= Vegetal rotation =

Biological process

An illustration of vegetal rotation movements.

Vegetal rotation is a morphogenetic movement that drives mesoderm internalization during gastrulation in amphibian embryos. The internalization of vegetal cells prior to gastrulation was first observed in the 1930s by Abraham Mandel Schechtman through the use of vital dye labeling experiments in Triturus torosus embryos. More recently, Winklbauer and Schürfeld (1999) described the internal movements in more detail using pregastrular explants of Xenopus laevis.

Gastrulation in amphibians is initiated by formation of bottle cells at the dorsal marginal zone, followed by involution of prospective mesodermal cells. The mesoderm and endoderm then migrate animally along the blastocoel roof, driven in part by movement of the vegetal endoderm cells. In Xenopus embryos in which the blastocoel roof is removed prior to gastrulation, the movement of vegetal cells toward the blastocoel and their intercalation into the blastocoel floor causes the floor to spread, pushing the dorsal edge downward.

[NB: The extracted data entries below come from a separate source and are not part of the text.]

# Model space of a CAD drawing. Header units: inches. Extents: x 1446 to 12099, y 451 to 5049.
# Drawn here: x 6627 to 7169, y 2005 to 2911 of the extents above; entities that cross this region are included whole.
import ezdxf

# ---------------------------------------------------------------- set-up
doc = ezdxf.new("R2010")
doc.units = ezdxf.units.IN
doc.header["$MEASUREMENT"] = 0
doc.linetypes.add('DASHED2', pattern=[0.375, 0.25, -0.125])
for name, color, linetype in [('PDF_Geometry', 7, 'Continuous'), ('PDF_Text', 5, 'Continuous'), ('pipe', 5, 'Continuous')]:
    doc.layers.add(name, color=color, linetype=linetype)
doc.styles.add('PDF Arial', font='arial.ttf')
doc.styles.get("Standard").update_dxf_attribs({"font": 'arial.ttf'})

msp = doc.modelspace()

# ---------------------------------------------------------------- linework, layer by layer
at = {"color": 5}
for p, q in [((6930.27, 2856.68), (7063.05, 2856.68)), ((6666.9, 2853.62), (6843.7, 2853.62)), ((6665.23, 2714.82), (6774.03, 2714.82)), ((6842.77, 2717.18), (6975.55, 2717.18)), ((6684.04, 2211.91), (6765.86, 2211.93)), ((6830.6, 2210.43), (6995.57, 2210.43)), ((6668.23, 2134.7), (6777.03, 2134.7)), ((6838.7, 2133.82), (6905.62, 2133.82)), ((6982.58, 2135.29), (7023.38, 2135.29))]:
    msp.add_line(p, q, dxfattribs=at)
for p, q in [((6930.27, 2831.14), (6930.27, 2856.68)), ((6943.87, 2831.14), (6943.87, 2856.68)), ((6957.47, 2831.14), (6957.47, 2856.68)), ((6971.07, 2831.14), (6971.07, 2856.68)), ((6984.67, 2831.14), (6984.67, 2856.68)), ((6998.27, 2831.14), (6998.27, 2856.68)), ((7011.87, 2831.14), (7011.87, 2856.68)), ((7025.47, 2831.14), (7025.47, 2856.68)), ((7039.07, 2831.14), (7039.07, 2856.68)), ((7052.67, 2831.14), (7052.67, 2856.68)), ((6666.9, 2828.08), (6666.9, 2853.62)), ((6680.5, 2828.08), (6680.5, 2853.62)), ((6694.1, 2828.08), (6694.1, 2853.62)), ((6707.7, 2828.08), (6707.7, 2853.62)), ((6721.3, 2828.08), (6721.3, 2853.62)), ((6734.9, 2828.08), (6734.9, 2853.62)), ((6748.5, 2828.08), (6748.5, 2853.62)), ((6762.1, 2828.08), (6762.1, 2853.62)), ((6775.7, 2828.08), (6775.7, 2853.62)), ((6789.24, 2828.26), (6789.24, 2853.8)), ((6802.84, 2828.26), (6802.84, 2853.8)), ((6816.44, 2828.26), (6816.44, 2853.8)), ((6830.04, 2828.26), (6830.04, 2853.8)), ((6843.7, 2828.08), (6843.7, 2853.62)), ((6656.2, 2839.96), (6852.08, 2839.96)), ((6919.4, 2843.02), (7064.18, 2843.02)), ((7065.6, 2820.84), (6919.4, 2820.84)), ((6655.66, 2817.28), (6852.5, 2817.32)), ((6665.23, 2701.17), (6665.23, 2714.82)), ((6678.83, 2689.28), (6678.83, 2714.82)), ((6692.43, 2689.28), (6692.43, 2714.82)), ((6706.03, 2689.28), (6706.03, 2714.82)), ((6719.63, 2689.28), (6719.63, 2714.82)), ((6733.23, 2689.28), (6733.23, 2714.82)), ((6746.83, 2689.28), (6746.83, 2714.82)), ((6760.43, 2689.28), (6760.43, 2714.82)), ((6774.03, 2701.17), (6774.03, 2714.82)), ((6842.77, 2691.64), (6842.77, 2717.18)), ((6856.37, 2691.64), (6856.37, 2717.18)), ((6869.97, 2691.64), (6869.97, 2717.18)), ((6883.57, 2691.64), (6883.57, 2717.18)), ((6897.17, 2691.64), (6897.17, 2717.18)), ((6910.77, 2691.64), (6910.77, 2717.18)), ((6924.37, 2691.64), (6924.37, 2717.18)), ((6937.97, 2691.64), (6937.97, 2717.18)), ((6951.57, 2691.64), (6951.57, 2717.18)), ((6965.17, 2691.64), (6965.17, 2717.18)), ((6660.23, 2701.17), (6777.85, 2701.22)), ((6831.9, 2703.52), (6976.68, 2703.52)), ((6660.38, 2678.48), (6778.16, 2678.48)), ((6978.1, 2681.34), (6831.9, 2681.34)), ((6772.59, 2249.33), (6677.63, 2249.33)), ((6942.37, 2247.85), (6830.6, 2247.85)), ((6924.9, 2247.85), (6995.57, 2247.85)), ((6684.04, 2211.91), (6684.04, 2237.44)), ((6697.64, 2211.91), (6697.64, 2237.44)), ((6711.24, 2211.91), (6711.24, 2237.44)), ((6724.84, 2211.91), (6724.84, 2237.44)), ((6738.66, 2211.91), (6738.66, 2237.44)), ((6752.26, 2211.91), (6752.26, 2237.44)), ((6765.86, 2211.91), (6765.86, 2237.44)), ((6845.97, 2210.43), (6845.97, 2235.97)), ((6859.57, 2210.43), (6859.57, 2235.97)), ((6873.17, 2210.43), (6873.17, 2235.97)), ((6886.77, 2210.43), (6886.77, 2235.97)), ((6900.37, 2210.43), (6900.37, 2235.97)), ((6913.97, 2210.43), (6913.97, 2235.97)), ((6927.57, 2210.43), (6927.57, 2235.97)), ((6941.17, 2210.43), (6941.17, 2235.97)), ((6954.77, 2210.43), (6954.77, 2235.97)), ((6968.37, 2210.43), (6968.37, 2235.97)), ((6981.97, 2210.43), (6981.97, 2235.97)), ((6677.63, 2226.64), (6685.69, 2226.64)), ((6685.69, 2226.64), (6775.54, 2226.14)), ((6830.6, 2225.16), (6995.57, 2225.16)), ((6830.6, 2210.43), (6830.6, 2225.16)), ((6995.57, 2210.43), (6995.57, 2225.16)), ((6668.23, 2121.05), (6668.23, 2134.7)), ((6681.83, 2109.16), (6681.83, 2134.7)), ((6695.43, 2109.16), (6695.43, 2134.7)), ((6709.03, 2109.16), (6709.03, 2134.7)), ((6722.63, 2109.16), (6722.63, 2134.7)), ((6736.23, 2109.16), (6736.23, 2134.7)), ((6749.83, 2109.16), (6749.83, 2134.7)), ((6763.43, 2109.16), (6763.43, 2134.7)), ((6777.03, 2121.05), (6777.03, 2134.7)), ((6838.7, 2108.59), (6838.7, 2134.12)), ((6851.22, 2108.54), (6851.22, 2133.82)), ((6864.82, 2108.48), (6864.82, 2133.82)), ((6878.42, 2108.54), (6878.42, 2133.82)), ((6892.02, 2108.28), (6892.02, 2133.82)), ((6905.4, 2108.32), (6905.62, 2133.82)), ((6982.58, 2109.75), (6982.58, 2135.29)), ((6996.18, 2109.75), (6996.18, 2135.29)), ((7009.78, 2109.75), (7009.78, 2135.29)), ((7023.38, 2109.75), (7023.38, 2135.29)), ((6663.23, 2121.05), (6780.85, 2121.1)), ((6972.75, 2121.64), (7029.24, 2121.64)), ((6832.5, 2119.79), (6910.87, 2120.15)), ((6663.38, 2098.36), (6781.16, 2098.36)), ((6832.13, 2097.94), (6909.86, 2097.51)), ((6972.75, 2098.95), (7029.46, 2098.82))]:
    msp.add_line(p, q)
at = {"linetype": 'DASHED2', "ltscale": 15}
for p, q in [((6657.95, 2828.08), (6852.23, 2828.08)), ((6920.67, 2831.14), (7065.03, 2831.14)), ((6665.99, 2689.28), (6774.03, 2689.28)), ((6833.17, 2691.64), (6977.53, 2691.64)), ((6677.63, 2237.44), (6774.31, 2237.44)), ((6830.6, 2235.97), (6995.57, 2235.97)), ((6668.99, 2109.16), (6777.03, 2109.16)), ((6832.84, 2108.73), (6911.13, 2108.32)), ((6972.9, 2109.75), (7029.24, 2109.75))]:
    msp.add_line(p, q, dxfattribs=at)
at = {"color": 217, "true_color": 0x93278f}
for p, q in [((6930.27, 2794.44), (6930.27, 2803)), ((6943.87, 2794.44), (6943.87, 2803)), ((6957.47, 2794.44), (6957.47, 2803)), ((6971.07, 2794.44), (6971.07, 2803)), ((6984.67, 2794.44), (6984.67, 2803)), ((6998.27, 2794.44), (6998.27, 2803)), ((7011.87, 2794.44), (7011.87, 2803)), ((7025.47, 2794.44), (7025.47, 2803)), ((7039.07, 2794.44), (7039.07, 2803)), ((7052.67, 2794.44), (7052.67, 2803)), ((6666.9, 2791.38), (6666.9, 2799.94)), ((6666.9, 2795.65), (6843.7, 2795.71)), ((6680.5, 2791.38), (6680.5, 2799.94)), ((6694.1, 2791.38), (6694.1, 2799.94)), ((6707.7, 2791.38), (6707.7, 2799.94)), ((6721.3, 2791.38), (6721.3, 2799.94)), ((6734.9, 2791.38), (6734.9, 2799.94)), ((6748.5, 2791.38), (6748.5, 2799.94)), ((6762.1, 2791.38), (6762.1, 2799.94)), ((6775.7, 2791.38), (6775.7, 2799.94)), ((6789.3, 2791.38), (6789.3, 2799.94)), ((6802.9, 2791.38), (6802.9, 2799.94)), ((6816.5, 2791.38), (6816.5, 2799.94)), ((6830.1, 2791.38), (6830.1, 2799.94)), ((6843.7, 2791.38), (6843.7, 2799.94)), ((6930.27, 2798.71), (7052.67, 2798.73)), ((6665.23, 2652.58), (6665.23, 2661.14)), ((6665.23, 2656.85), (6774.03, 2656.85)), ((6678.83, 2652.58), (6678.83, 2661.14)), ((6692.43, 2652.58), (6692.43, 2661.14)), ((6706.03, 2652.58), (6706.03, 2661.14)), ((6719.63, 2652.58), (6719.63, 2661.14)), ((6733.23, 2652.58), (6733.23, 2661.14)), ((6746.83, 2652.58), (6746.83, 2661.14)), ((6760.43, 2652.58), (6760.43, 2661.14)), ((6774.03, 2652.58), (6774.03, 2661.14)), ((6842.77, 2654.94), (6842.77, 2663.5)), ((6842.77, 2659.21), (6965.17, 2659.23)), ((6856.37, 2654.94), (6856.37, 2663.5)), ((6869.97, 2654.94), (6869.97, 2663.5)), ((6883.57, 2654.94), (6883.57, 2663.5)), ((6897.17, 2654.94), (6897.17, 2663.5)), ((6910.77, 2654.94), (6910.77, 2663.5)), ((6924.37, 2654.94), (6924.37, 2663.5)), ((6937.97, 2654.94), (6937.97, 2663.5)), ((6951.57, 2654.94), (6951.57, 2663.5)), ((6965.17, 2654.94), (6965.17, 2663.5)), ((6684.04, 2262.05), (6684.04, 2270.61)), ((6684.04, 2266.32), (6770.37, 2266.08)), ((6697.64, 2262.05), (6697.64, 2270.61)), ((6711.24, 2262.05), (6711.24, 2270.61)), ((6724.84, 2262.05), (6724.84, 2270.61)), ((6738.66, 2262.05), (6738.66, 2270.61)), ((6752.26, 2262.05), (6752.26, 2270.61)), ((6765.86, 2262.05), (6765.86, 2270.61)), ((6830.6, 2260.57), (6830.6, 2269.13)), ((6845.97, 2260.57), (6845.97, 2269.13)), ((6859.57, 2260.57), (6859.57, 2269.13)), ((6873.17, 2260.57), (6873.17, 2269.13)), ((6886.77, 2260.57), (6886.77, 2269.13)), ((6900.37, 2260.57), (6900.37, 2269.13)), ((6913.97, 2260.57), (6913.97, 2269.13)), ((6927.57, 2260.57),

In the context of the embryo, active vegetal rotation, together with epiboly of the animal cap ectodermal cells, appears to bring the vegetal mesendoderm into contact with the blastocoel roof. This movement results in formation of Brachet's cleft. As gastrulation continues, further spreading of the blastocoel floor by upward movement of vegetal cells contributes to the advancement of the mesendoderm along the blastocoel roof. This process is aided by crawling mesodermal cells at the leading edge of the mesendoderm. Much like bottle cell formation at the blastopore lip, vegetal rotation begins at the dorsal side of the embryo, and spreads laterally to the ventral side. These processes, however, occur independently. While vegetal rotation appears to be important prior to and in the early stages of gastrulation, by stages 10.5–11, vegetal rotation ceases and further involution appears to be driven primarily by cell rearrangements.